Extracted records:
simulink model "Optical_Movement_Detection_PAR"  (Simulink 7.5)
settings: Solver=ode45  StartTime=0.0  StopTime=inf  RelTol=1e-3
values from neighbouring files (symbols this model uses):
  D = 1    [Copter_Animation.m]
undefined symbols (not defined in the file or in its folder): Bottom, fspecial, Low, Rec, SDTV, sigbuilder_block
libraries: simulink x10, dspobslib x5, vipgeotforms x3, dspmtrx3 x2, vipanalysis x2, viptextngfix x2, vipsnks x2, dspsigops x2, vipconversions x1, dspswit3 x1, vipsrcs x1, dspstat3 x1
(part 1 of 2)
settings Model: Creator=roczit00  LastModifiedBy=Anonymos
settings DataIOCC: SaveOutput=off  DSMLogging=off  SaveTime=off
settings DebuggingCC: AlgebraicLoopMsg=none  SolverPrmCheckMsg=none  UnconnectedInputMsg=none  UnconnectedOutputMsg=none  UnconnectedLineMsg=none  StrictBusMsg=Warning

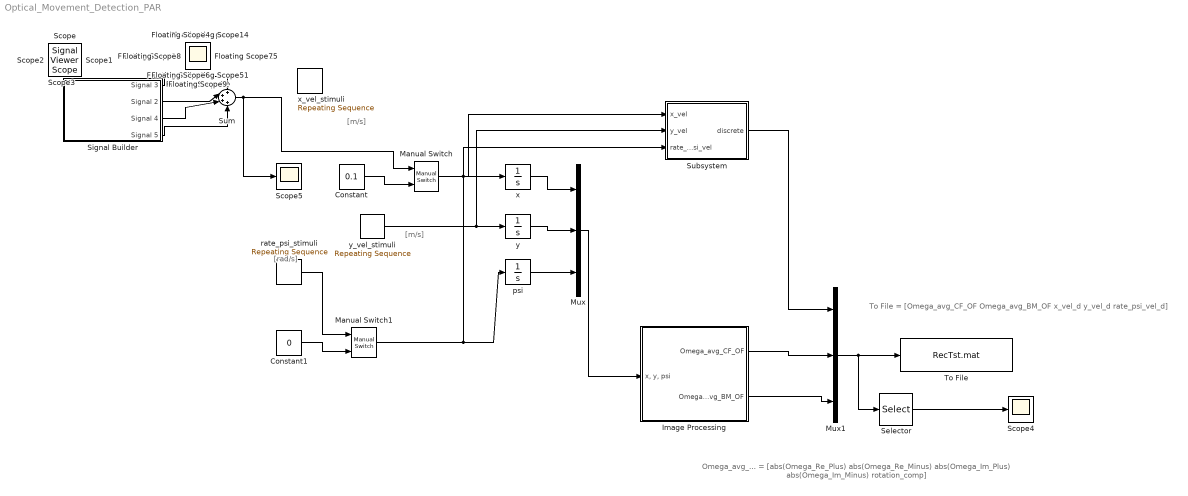
== system Optical_Movement_Detection_PAR ==
  note: [m/s]
  note: [m/s]
  note: [rad/s]
  note: Omega_avg_... = [abs(Omega_Re_Plus) abs(Omega_Re_Minus) abs(Omega_Im_Plus) abs(Omega_Im_Minus) rotation_comp]
  note: To File = [Omega_avg_CF_OF Omega_avg_BM_OF x_vel_d y_vel_d rate_psi_vel_d]
  Constant : Constant  Value=0.1  OutDataType=fixdt(1, 16)  OutScaling=2^0
  Constant1 : Constant  Value=0  OutDataType=fixdt(1, 16)  OutScaling=2^0
  Image Processing : Subsystem  mask{Ts_Opt=0.05, Cam_Img_Dim=[640,480], Env_Orig=[2144 1424], Block_Matching_Size=[81 61], Block_Matching_Overlap=[0 0], Block_Matching_Max_Disp=[7 7], Omega_avg_Gain=1/1000, load_cmd=Bottom}
      mask prompts: Ts_Opt "Camera's SampleTime:"; Cam_Img_Dim "Cameras size of the synthetic image [R C]:"; Env_Orig "Initial image center of environment [R C]:"; Block_Matching_Size "Block size of optical flow block matching algorithm [heigh width]"; Block_Matching_Overlap "Block Overlap [R C] :"; Block_Matching_Max_Disp "Maximum displacement [R C]:"; Omega_avg_Gain "Gain of detected velocity vector"; load_cmd "Load Cmd"
      mask init:
      | set_param(gcb,'MaskSelfModifiable','on')
      mask TabNameString: General,General,General,Block Matching,Block Matching,Block Matching,Block Matching,General
  Manual Switch : simulink/Signal Routing/Manual Switch  SystemSampleTime=-1  sw=1  action=0  varsize=off
  Manual Switch1 : simulink/Signal Routing/Manual Switch  SystemSampleTime=-1  sw=1  action=0  varsize=off
  Mux : Mux  Inputs=3
  Mux1 : Mux  Inputs=3
  Scope4 : Scope
      settings: YMin=0.015  YMax=0.105  SaveName=ScopeData8
  Scope5 : Scope
      settings: YMin=0  YMax=0.2  SaveName=ScopeData9
  Selector : Selector  InputPortWidth=13  IndexOptions=Index vector (dialog)  Indices=[9]  OutputSizes=1
  Signal Builder : Subsystem  Tag=STV Subsys  LoadFcn=sigbuilder_block('load');  StartFcn=sigbuilder_block('start');  StopFcn=sigbuilder_block('stop');  ClipboardFcn=sigbuilder_block('clipboard');  mask(Sigbuilder block){}
      mask help: Create and generate interchangeable groups of signals whose waveforms are piecewise linear.
      mask init:
      | if ~strcmp(get_param(bdroot(gcbh),'SimulationStatus'),'stopped') tuvar = sigbuilder_block('maskInit'); end
      settings: CopyFcn=sigbuilder_block('copy');  DeleteFcn=sigbuilder_block('delete');  ModelCloseFcn=sigbuilder_block('modelClose');  PreSaveFcn=sigbuilder_block('preSave');  NameChangeFcn=sigbuilder_block('namechange');  OpenFcn=sigbuilder_block('open',[437.25 199.5 550.5 399.75 ]);  CloseFcn=sigbuilder_block('close');
      mask Display: plot(0,0,100,100,[10,10,40,40,10],[80,20,20,80,80],[40,10],[50,50], [40,27,10],[65,72,56],[40,25,25,10],[28,28,43,43]);
  Subsystem : Subsystem  mask{In_Val_Sample_Time=0.01}
      mask prompts: In_Val_Sample_Time "Sample time"
  Sum : Sum  Inputs=++++  OutDataType=fixdt(1, 16)  OutScaling=2^0
  To File : ToFile  Filename=RecTst.mat  MatrixName=Tfile
  psi : Integrator
  rate_psi_stimuli : simulink/Sources/Repeating Sequence  SystemSampleTime=-1  rep_seq_t=[0,10]  rep_seq_y=[0,0]
  x : Integrator
  x_vel_stimuli : simulink/Sources/Repeating Sequence  SystemSampleTime=-1  rep_seq_t=[0,2]  rep_seq_y=[0,2]
  y : Integrator
  y_vel_stimuli : simulink/Sources/Repeating Sequence  SystemSampleTime=-1  rep_seq_t=[0,10]  rep_seq_y=[0,0]
  Floating Scope{,1..15} (16 alike) : Scope
      Floating Scope settings: Floating=on  YMin=-40  YMax=90
      Floating Scope1 settings: Floating=on
      Floating Scope10 settings: Floating=on  SaveName=ScopeData12
      Floating Scope11 settings: Floating=on  SaveName=ScopeData13
      Floating Scope12 settings: Floating=on  YMin=-2500  YMax=27500  SaveName=ScopeData14
      Floating Scope13 settings: Floating=on  YMin=3  YMax=7  SaveName=ScopeData15
      Floating Scope14 settings: Floating=on  SaveName=ScopeData16
      Floating Scope15 settings: Floating=on  SaveName=ScopeData17
      Floating Scope2 settings: Floating=on  YMin=-6000  YMax=2500  SaveName=ScopeData2
      Floating Scope3 settings: Floating=on  SaveName=ScopeData3
      Floating Scope4 settings: Floating=on  SaveName=ScopeData4
      Floating Scope5 settings: Floating=on  YMin=-0.7  YMax=0.8  SaveName=ScopeData5
      Floating Scope6 settings: Floating=on  YMin=-1  YMax=1  SaveName=ScopeData6
      Floating Scope7 settings: Floating=on  YMin=-15  YMax=10  SaveName=ScopeData7
      Floating Scope8 settings: Floating=on  YMax=45  SaveName=ScopeData10
      Floating Scope9 settings: Floating=on  YMin=-7  YMax=9  SaveName=ScopeData11
  Scope{,1..3} (4 alike) : SignalViewerScope  IOType=viewer  RefreshTime=0.035000
      Scope settings: YMin=-0.01  YMax=0.1
      Scope2 settings: SaveName=ScopeData2
      Scope3 settings: SaveName=ScopeData3
  wires:
  Mux/1 -> Image Processing/1("x, y, psi")
  y_vel_stimuli/1 -> y/1, Subsystem/2(y_vel)
  psi/1 -> Mux/3
  x/1 -> Mux/1
  y/1 -> Mux/2
  Mux1/1 -> To File/1, Selector/1
  Image Processing/1(Omega_avg_CF_OF) -> Mux1/2
  Subsystem/1(discrete) -> Mux1/1
  Image Processing/2(Omega_avg_BM_OF) -> Mux1/3
  Selector/1 -> Scope4/1
  Constant/1 -> Manual Switch/2
  Manual Switch/1 -> Subsystem/1(x_vel), x/1
  Constant1/1 -> Manual Switch1/2
  rate_psi_stimuli/1 -> Manual Switch1/1
  Manual Switch1/1 -> psi/1, Subsystem/3(rate_psi_vel)
  Signal Builder/1(Signal 3) -> Sum/1
  Signal Builder/2(Signal 2) -> Sum/2
  Signal Builder/3(Signal 4) -> Sum/3
  Signal Builder/4(Signal 5) -> Sum/4
  Sum/1 -> Manual Switch/1, Scope5/1

== system Optical_Movement_Detection_PAR/Image Processing ==
  note: Image Processing
  "x, y, psi" : Inport
  Input : Subsystem
      mask init:
      | set_param(gcb,'MaskSelfModifiable','on')
  Optical Flow : Subsystem
  Real Video : dspobslib/DSP Constant  SystemSampleTime=-1  Value=0  SampleMode=Discrete  discreteOutput=Sample-based  continuousOutput=Sample-based  sampTime=inf  framePeriod=2  dataType=boolean  isSigned=on  wordLen=16  udDataType=sfix(16)  fracBitsMode=Best precision  numFracBits=15  InterpretAs1D=-inf  Ts=-inf  FramebasedOutput=-inf
  Switch : simulink/Signal Routing/Manual Switch  SystemSampleTime=-1  sw=0  action=0  varsize=off
  Synthetic Video : dspobslib/DSP Constant  SystemSampleTime=-1  Value=1  SampleMode=Discrete  discreteOutput=Sample-based  continuousOutput=Sample-based  sampTime=inf  framePeriod=2  dataType=boolean  isSigned=on  wordLen=16  udDataType=sfix(16)  fracBitsMode=Best precision  numFracBits=15  InterpretAs1D=-inf  Ts=-inf  FramebasedOutput=-inf
  Omega_avg_CF_OF : Outport
  Omega_avg_BM_OF : Outport  Port=2
  wires:
  Real Video/1 -> Switch/1
  Synthetic Video/1 -> Switch/2
  Switch/1 -> Input/1(Mode)
  "x, y, psi"/1 -> Input/2("x, y, psi")
  Input/1(Image) -> Optical Flow/1(Image)
  Input/2(I) -> Optical Flow/2(I)
  Optical Flow/1(Omega_avg_CF_OF) -> Omega_avg_CF_OF/1
  Optical Flow/2(Omega_avg_BM_OF) -> Omega_avg_BM_OF/1

== system Optical_Movement_Detection_PAR/Signal Builder ==
  Demux : Demux  Tag=STV Demux
  FromWs : FromWorkspace  Tag=STV FromWs  VariableName=tuvar  SampleTime=0  SigBuilderData=DataTag12  VnvData=DataTag13
      SigBuilderData=|
      | common.afterFinalStr = 'Extrapolate'
      | common.sampleTime = 0
      | dataSet.timeRange = [0 7]
      | dataSet.name = 'Group 1'
      | sbobj.Groups.Name = 'Group 1'
      | sbobj.Groups.Signals(1).Name = 'Signal 3'
      | sbobj.Groups.Signals(1).XData = [0 0.1 0.1 0.6 0.6 7]
      | sbobj.Groups.Signals(1).YData = [0 0 0.1 0.1 0 0]
      | sbobj.Groups.Signals(2).Name = 'Signal 2'
      | sbobj.Groups.Signals(2).XData = [0 0.8 0.8 1.3 1.3 7]
      | sbobj.Groups.Signals(2).YData = [0 0 0.2 0.2 0 0]
      | sbobj.Groups.Signals(3).Name = 'Signal 4'
      | sbobj.Groups.Signals(3).XData = [0 1.5 3.5 3.5 7]
      | sbobj.Groups.Signals(3).YData = [0 0 0.2 0 0]
      | sbobj.Groups.Signals(4).Name = 'Signal 5'
      | sbobj.Groups.Signals(4).XData = [0 1 2 3 4 4.1 4.2 4.3 4.4 4.5 4.6 4.7 4.86 4.86 7]
      | sbobj.Groups.Signals(4).YData = [0 0 0 0 0 0 0.005 0.01 0.02 0.03 0.045 0.09 0.2 0 0]
  Signal 3 : Outport  Tag=STV Outport
  Signal 2 : Outport  Tag=STV Outport  Port=2
  Signal 4 : Outport  Tag=STV Outport  Port=3
  Signal 5 : Outport  Tag=STV Outport  Port=4
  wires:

AIM OF THE EXERCISE: Where a line in the records above includes the string "Repeating", show it.

REPLY TO THE TASK:
  rate_psi_stimuli : simulink/Sources/Repeating Sequence  SystemSampleTime=-1  rep_seq_t=[0,10]  rep_seq_y=[0,0]
  x_vel_stimuli : simulink/Sources/Repeating Sequence  SystemSampleTime=-1  rep_seq_t=[0,2]  rep_seq_y=[0,2]
  y_vel_stimuli : simulink/Sources/Repeating Sequence  SystemSampleTime=-1  rep_seq_t=[0,10]  rep_seq_y=[0,0]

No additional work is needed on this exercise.